After glancing at him once or twice, in an increased state of
smouldering ferocity, I said,—
“Mr. Drummle, I did not seek this conversation, and I don’t think it an
agreeable one.”
“I am sure it’s not,” said he, superciliously over his shoulder; “I
don’t think anything about it.”
“And therefore,” I went on, “with your leave, I will suggest that we
hold no kind of communication in future.”

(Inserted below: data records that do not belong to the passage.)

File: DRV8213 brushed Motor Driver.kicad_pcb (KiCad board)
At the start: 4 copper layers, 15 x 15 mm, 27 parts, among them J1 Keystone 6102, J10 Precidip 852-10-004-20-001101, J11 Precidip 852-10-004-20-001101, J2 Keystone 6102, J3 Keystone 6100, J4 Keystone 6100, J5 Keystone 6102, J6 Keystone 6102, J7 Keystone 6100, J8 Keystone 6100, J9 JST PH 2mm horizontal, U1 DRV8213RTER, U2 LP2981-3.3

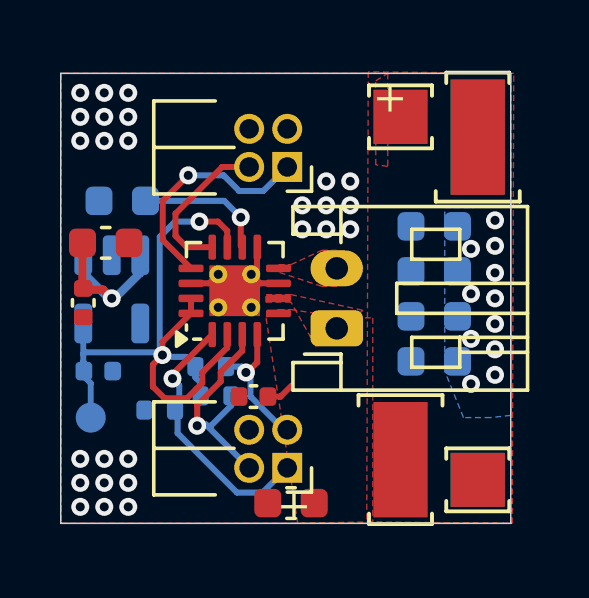
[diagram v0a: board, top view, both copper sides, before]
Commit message: Reversed connector pin assignments to mirror hub
Technically any pin would work, but I want it logical order with A matching with A. Some hubs may not have enough pins also, so most important pins go first. I might change the footprint numbers to match as well, but this is less important.
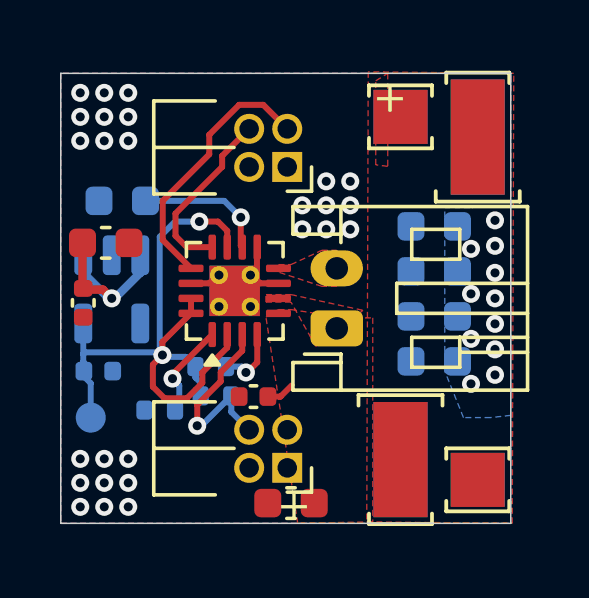
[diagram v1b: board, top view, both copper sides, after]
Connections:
- J10 pad 1: PWM-A -> unconnected-(J10-Pin_1-Pad1)
- J10 pad 2: PWM-B -> unconnected-(J10-Pin_2-Pad2)
- J10 pad 3: unconnected-(J10-Pin_3-Pad3) -> PWM-A
- J10 pad 4: unconnected-(J10-Pin_4-Pad4) -> PWM-B
- J11 pad 1: ADC-A -> Fault
- J11 pad 2: Stall -> unconnected-(J11-Pin_2-Pad2)
- J11 pad 3: Fault -> ADC-A
- J11 pad 4: unconnected-(J11-Pin_4-Pad4) -> Stall
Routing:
- net Fault: track 4.81 -> 7.33 mm
- net Stall: track 7.74 -> 6.59 mm
- net PWM-A: track 7.69 -> 8.83 mm, vias 1 -> 0
- net ADC-A: track 8.93 -> 8.10 mm
- net PWM-B: track 5.22 -> 5.96 mm

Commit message: Fixed Silkscreen
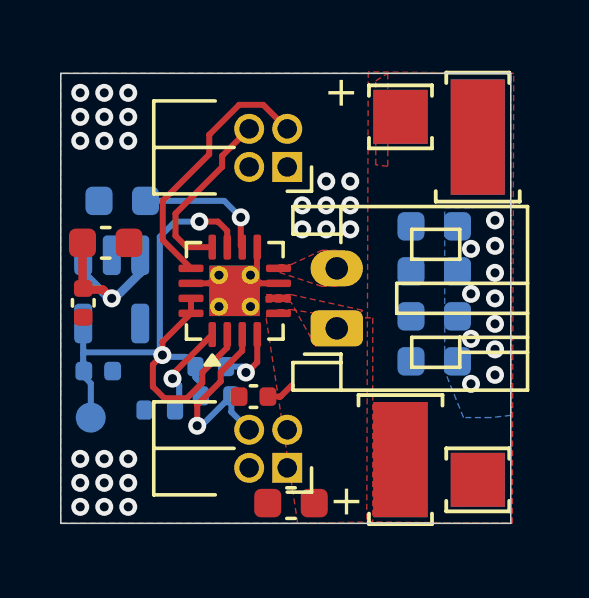
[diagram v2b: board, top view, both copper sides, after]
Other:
- board text added: "A"
- board text added: "A B"
- board text added: "Stall"
- board text removed: "rush"
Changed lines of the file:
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@@
 	)
 	(gr_line
-		(start 169.1 105.4)
-		(end 169.9 104.7)
+		(start 172.025 108.825)
+		(end 171.325 108.025)
+		(stroke
+			(width 0.12)
+			(type default)
+		)
+		(layer "B.SilkS")
+	)
+	(gr_line
+		(start 171.35 105.45)
+		(end 171.425 104.6)
+		(stroke
+			(width 0.12)
+			(type default)
+		)
+		(layer "B.SilkS")
+	)
+	(gr_line
+		(start 170.275 105.4)
+		(end 170.075 103.35)
 		(stroke
 			(width 0.12)
@@
 	)
 	(gr_text "+"
-		(at 174.2 95.6 -0)
+		(at 172.575 95.4 -0)
 		(layer "F.SilkS")
 		(effects
@@
 	)
 	(gr_text "+"
-		(at 171 109.2 -0)
+		(at 172.75 109.025 -0)
 		(layer "F.SilkS")
 		(effects
@@
 		)
 	)
+	(gr_text "A"
+		(at 172.225 104.65 90)
+		(layer "B.SilkS")
+		(effects
+			(font
+				(size 1 1)
+				(thickness 0.15)
+			)
+			(justify right bottom mirror)
+		)
+	)
+	(gr_text "Stall"
+		(at 170.55 103.175 0)
+		(layer "B.SilkS")
+		(effects
+			(font
+				(size 1 1)
+				(thickness 0.15)
+			)
+			(justify left bottom mirror)
+		)
+	)
 	(gr_text "<20A"
-		(at 174.8 99.1 0)
+		(at 174.75 99.35 0)
 		(layer "B.SilkS")
 		(effects
@@
 	)
 	(gr_text "Fault"
-		(at 173.2 104.6 0)
+		(at 173.4 105.175 90)
 		(layer "B.SilkS")
 		(effects
@@
 	)
 	(gr_text "PWM"
-		(at 167.3 96.6 0)
+		(at 168.075 94.225 90)
 		(layer "B.SilkS")
 		(effects
@@
 		)
 	)
-	(gr_text "B A"
-		(at 170.35 98.65 90)
+	(gr_text "A B"
+		(at 169.225 95.425 0)
 		(layer "B.SilkS")
 		(effects
@@
 	)
 	(gr_text "-"
-		(at 175.1 109.1 -0)
+		(at 178.75 106.7 -0)
 		(layer "B.SilkS")
 		(effects
@@
 	)
 	(gr_text "CSA"
-		(at 170.2 105.6 90)
-		(layer "B.SilkS")
-		(effects
-			(font
-				(size 1 1)
-				(thickness 0.15)
-			)
-			(justify left bottom mirror)
-		)
-	)
-	(gr_text "rush"
-		(at 170.45 99.85 0)
+		(at 168.625 106.15 90)
 		(layer "B.SilkS")
 		(effects
@@
 	)
 	(gr_text "-"
-		(at 175.9 95.3 -0)
+		(at 175.75 97.95 -0)
 		(layer "B.SilkS")
 		(effects
@@
 		)
 	)
-	(gr_text_box "3.7~7.4V"
-		(start 176.825 98.1492)
-		(end 178.975 104.7)
+	(gr_text_box "3.0~12V"
+		(start 176.825 98.6742)
+		(end 178.975 105.225)
 		(margins 0.75 0.75 0.75 0.75)
 		(angle 90)

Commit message: Tweaked silkscreen and via placement
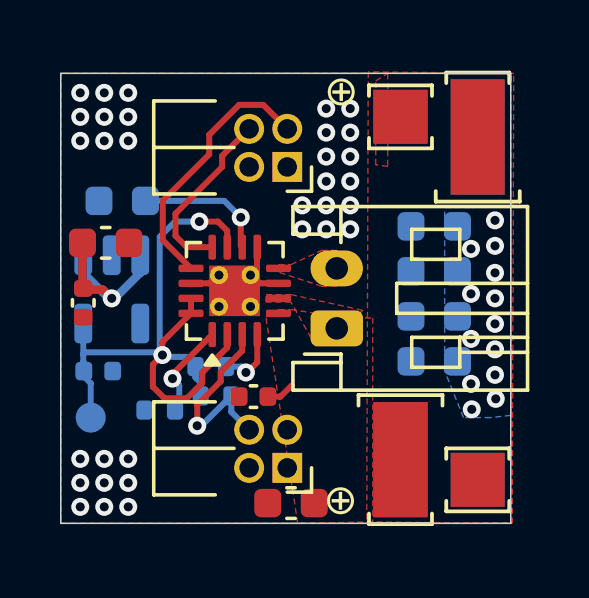
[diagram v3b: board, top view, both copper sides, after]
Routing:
- net VDD: vias 12 -> 14
- net GNDPWR: vias 26 -> 32
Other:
- board text added: "⊕"
- board text added: "⊖"
- board text removed: "+"
- board text removed: "-"
- board text removed: "A"
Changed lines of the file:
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@@
 	)
 	(gr_line
-		(start 172.025 108.825)
+		(start 170.775 108.825)
 		(end 171.325 108.025)
 		(stroke
@@
 		(layer "Edge.Cuts")
 	)
-	(gr_text "+"
-		(at 172.575 95.4 -0)
+	(gr_text "⊕"
+		(at 172.575 95.375 0)
 		(layer "F.SilkS")
 		(effects
@@
 		)
 	)
-	(gr_text "+"
-		(at 172.75 109.025 -0)
+	(gr_text "⊕"
+		(at 172.55 109 0)
 		(layer "F.SilkS")
 		(effects
@@
 			)
 			(justify left bottom)
-		)
-	)
-	(gr_text "A"
-		(at 172.225 104.65 90)
-		(layer "B.SilkS")
-		(effects
-			(font
-				(size 1 1)
-				(thickness 0.15)
-			)
-			(justify right bottom mirror)
 		)
 	)
@@
 	)
 	(gr_text "Fault"
-		(at 173.4 105.175 90)
+		(at 170.75 109.1 0)
 		(layer "B.SilkS")
 		(effects
@@
 		)
 	)
-	(gr_text "-"
-		(at 178.75 106.7 -0)
+	(gr_text "⊖"
+		(at 173.937583 108.991882 0)
 		(layer "B.SilkS")
 		(effects
@@
 	)
 	(gr_text "CSA"
-		(at 168.625 106.15 90)
-		(layer "B.SilkS")
-		(effects
-			(font
-				(size 1 1)
-				(thickness 0.15)
-			)
-			(justify left bottom mirror)
-		)
-	)
-	(gr_text "-"
-		(at 175.75 97.95 -0)
-		(layer "B.SilkS")
-		(effects
-			(font
-				(size 1 1)
-				(thickness 0.15)
-			)
-			(justify left bottom mirror)
-		)
-	)
-	(gr_text_box "3.0~12V"
+		(at 174.4 104.725 0)
+		(layer "B.SilkS")
+		(effects
+			(font
+				(size 1 1)
+				(thickness 0.15)
+			)
+			(justify left bottom mirror)
+		)
+	)
+	(gr_text "⊖"
+		(at 173.967836 95.373351 0)
+		(layer "B.SilkS")
+		(effects
+			(font
+				(size 1 1)
+				(thickness 0.15)
+			)
+			(justify left bottom mirror)
+		)
+	)
+	(gr_text_box "3.0~11V"
 		(start 176.825 98.6742)
 		(end 178.975 105.225)
@@
 	)
 	(via
+		(at 178.3 105.05)
+		(size 0.6)
+		(drill 0.3)
+		(layers "F.Cu" "B.Cu")
+		(free yes)
+		(net 1)
+	)
+	(via
 		(at 177.475 100.05)
+		(size 0.6)
+		(drill 0.3)
+		(layers "F.Cu" "B.Cu")
+		(free yes)
+		(net 1)
+	)
+	(via
+		(at 177.5 105.4)
 		(size 0.6)
 		(drill 0.3)
@@
 	)
 	(via
+		(at 173.45 95.375)
+		(size 0.6)
+		(drill 0.3)
+		(layers "F.Cu" "B.Cu")
+		(free yes)
+		(net 2)
+	)
+	(via
+		(at 172.65 95.375)
+		(size 0.6)
+		(drill 0.3)
+		(layers "F.Cu" "B.Cu")
+		(free yes)
+		(net 2)
+	)
+	(via
+		(at 172.65 96.175)
+		(size 0.6)
+		(drill 0.3)
+		(layers "F.Cu" "B.Cu")
+		(free yes)
+		(net 2)
+	)
+	(via
+		(at 173.45 96.975)
+		(size 0.6)
+		(drill 0.3)
+		(layers "F.Cu" "B.Cu")
+		(free yes)
+		(net 2)
+	)
+	(via
 		(at 173.45 97.8)
 		(size 0.6)
@@
 	)
 	(via
+		(at 172.65 96.975)
+		(size 0.6)
+		(drill 0.3)
+		(layers "F.Cu" "B.Cu")
+		(free yes)
+		(net 2)
+	)
+	(via
 		(at 165.25 95.65)
 		(size 0.6)
@@
 		(size 0.6)
 		(drill 0.3)
+		(layers "F.Cu" "B.Cu")
+		(free yes)
+		(net 2)
+	)
+	(via
+		(at 173.45 96.175)
+		(size 0.6)
+		(drill 0.3)

“Quite my opinion,” said Drummle, “and what I should have suggested
myself, or done—more likely—without suggesting. But don’t lose your
temper. Haven’t you lost enough without that?”
“What do you mean, sir?”
“Waiter!” said Drummle, by way of answering me.
The waiter reappeared.
“Look here, you sir. You quite understand that the young lady don’t
ride to-day, and that I dine at the young lady’s?”
“Quite so, sir!”
When the waiter had felt my fast-cooling teapot with the palm of his
hand, and had looked imploringly at me, and had gone out, Drummle,
careful not to move the shoulder next me, took a cigar from his pocket
and bit the end off, but showed no sign of stirring. Choking and
boiling as I was, I felt that we could not go a word further, without
introducing Estella’s name, which I could not endure to hear him utter;
and therefore I looked stonily at the opposite wall, as if there were
no one present, and forced myself to silence. How long we might have
remained in this ridiculous position it is impossible to say, but for
the incursion of three thriving farmers—laid on by the waiter, I
think—who came into the coffee-room unbuttoning their great-coats and
rubbing their hands, and before whom, as they charged at the fire, we
were obliged to give way.
I saw him through the window, seizing his horse’s mane, and mounting in
his blundering brutal manner, and sidling and backing away. I thought
he was gone, when he came back, calling for a light for the cigar in
his mouth, which he had forgotten. A man in a dust-coloured dress
appeared with what was wanted,—I could not have said from where:
whether from the inn yard, or the street, or where not,—and as Drummle
leaned down from the saddle and lighted his cigar and laughed, with a
jerk of his head towards the coffee-room windows, the slouching
shoulders and ragged hair of this man whose back was towards me
reminded me of Orlick.
Too heavily out of sorts to care much at the time whether it were he or
no, or after all to touch the breakfast, I washed the weather and the
journey from my face and hands, and went out to the memorable old house
that it would have been so much the better for me never to have
entered, never to have seen.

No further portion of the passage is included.